A brand new recipe for training agents
The Opencua framework introduces a brand new pipeline for the processing of information and training computer users. The first step converts the raw human demonstrations into clean state pairs which can be suitable for training vision models (VLMS). However, the researchers found that the only training of models for these couples also achieved limited increases in performance with large amounts of information.

The essential vision was to extend these trajectories with the thoughts (cot) (cot). This process generates an in depth “inner monologue” for each motion that features planning, memory and reflection. This structured pondering is organized in three levels: a high -ranking commentary of the screen, reflective thoughts that analyze the situation and plan the following steps, and eventually the concise, executable motion. This approach helps the agent to develop a deeper understanding of the tasks.
“We find natural language terrain of crucial importance for generalizable computer-use models and help Cuas to internalize cognitive skills,” the researchers write.
This data synthesis pipeline is a general framework that may be adapted by corporations to coach agents for their very own unique internal tools. According to Wang, an organization can record demonstrations of its proprietary workflows and use the identical reflector and generator pipeline to create the essential training data. “This lets you start a robust agent that’s tailored to your internal tools without manually manually having the traces of reasoning,” he explained.
Put the Opencua on the test
The researchers applied the OpenCua framework to coach plenty of open source VLMs, including variants of QWen and Kimi-VL, with the parameter sizes of three to 32 billion 32 billion. The models were rated in plenty of online and offline benchmarks that test their ability to perform tasks and understand GUI.
The 32-billion parameter model OPENCUA-32B has set a brand new state-of-the-art success rate under open source models on the Osworld-verified benchmark. It also exceeded the CUA on GPT-4O from Openaai and significantly exceeded the performance gap with the leading proprietary models from Anthropic.

For corporate developers and product leaders, research offers several necessary findings.
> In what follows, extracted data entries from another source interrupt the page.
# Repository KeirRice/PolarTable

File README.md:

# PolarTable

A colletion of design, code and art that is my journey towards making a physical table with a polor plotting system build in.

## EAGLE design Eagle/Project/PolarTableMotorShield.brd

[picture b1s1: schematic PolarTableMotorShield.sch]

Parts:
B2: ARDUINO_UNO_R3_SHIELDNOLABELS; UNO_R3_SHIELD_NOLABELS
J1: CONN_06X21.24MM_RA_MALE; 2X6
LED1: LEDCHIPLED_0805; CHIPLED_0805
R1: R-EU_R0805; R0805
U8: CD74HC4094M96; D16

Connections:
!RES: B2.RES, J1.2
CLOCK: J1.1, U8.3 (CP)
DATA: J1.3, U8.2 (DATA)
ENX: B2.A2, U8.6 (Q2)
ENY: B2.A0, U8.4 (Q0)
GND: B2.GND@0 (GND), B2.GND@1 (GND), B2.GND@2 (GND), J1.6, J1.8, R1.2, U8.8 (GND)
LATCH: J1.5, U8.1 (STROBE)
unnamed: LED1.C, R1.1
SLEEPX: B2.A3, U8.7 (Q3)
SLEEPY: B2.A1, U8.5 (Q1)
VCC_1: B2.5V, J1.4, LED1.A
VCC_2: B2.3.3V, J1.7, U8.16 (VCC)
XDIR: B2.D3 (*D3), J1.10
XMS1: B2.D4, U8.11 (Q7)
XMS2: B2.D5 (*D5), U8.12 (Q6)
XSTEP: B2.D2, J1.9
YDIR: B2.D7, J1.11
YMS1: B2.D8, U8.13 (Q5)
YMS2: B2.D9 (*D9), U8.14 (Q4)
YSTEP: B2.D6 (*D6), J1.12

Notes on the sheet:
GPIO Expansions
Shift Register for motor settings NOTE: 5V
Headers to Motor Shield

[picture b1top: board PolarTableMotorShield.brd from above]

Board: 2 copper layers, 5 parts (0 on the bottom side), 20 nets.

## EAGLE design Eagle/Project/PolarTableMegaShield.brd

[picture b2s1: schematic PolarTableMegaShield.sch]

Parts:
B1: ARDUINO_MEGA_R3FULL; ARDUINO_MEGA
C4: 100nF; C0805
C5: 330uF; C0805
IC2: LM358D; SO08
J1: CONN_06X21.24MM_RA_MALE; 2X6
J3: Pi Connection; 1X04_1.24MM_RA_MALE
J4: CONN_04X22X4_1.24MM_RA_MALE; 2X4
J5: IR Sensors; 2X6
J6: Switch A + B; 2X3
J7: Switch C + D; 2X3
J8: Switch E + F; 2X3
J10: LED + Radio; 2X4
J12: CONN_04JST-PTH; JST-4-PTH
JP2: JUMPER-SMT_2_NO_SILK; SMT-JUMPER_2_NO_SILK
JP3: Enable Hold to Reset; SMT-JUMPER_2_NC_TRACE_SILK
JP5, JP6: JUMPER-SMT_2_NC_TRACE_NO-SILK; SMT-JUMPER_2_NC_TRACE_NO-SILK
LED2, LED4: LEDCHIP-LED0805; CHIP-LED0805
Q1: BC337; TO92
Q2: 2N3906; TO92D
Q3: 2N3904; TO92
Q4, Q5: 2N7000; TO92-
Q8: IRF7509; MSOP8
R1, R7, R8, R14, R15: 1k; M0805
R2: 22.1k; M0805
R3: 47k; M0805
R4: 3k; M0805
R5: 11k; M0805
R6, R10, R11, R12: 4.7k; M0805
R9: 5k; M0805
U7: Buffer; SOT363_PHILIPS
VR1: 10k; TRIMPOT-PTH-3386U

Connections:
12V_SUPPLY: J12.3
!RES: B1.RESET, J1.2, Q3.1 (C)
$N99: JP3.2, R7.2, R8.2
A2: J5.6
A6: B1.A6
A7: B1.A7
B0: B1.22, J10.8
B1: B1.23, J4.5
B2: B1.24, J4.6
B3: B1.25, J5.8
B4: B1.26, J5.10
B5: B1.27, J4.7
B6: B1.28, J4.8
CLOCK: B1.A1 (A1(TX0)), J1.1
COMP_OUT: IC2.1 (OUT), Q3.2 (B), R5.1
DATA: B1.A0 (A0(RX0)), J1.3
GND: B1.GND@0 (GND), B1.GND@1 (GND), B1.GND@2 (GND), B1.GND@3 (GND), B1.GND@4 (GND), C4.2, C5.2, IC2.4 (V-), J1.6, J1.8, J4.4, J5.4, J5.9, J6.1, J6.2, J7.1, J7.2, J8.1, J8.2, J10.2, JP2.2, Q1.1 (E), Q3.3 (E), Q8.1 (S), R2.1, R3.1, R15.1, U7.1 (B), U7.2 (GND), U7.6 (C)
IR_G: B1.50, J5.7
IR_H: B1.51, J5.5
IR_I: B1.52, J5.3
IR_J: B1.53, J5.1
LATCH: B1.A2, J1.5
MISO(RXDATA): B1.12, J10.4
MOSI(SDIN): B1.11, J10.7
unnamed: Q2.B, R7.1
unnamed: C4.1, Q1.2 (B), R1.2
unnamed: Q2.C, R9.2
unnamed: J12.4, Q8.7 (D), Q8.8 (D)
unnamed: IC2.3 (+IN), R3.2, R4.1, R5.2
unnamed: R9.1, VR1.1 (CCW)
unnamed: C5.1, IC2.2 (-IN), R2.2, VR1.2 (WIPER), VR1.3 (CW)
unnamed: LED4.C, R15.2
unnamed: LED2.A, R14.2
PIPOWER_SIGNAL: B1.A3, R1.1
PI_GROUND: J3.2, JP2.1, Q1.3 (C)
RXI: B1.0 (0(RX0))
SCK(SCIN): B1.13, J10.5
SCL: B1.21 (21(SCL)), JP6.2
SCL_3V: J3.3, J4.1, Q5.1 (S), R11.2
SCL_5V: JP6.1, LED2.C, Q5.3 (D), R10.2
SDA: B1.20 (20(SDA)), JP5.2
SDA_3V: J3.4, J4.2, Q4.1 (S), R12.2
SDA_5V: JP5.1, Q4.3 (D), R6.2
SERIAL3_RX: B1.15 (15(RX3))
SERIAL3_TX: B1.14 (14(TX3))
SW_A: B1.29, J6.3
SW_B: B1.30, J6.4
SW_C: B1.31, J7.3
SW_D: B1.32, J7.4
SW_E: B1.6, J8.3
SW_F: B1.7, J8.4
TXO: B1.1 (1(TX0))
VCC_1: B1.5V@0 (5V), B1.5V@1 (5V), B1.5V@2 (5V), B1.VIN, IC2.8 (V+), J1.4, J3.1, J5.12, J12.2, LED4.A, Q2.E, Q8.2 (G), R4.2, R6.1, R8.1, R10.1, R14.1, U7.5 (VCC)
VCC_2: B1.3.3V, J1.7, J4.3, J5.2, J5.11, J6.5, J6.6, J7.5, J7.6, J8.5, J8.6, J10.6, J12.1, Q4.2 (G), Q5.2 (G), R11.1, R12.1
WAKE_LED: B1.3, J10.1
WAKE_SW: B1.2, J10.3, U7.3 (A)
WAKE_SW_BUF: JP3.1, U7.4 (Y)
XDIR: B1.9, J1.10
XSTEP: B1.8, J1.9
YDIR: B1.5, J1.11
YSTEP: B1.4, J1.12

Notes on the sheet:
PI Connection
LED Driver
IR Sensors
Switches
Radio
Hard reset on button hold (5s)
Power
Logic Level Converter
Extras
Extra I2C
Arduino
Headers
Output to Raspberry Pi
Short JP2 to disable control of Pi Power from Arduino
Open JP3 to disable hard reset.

The OpenCUA method is mostly applicable and improves performance in models with different architectures (each densely and tight and experts) and sizes. The trained agents also show a robust generalization and achieve well in quite a lot of tasks and operating systems.
According to Wang, the framework is especially suitable for automation of repetitive, labor-intensive corporate workflows. “In the Agentnet data record, for instance, we record some demonstrations of the beginning of EC2 instances on Amazon AWS and the configuration of annotation parameters on Mturk,” he told Venturebeat. “These tasks include many sequential steps, but follow repeatable patterns.”
However, Wang stated that bridging the gap into the live provision requires necessary challenges when it comes to security and reliability. “The biggest challenge in real provision is security and reliability: the agent must avoid mistakes that by chance change the system settings or trigger harmful unwanted effects beyond the intended task,” he said.
The researchers published them codePresent Data recordAnd Weights on your models.
If open source agents based on frameworks comparable to Opencua are capable of further develop the connection between knowledge staff and their computers. Wang presents a future by which the power of complex software becomes less necessary than the power to obviously formulate the goals of an AI agent.
He described two essential work modes: “Offline automation, by which the agent uses its broader software knowledge to pursue a task of end-to-end” and “online cooperation, by which the agent reacts in real time and works next to humans, much like a colleague”. Basically, people will deliver strategic “what”, while increasingly sophisticated AI agents treat the operational “how”.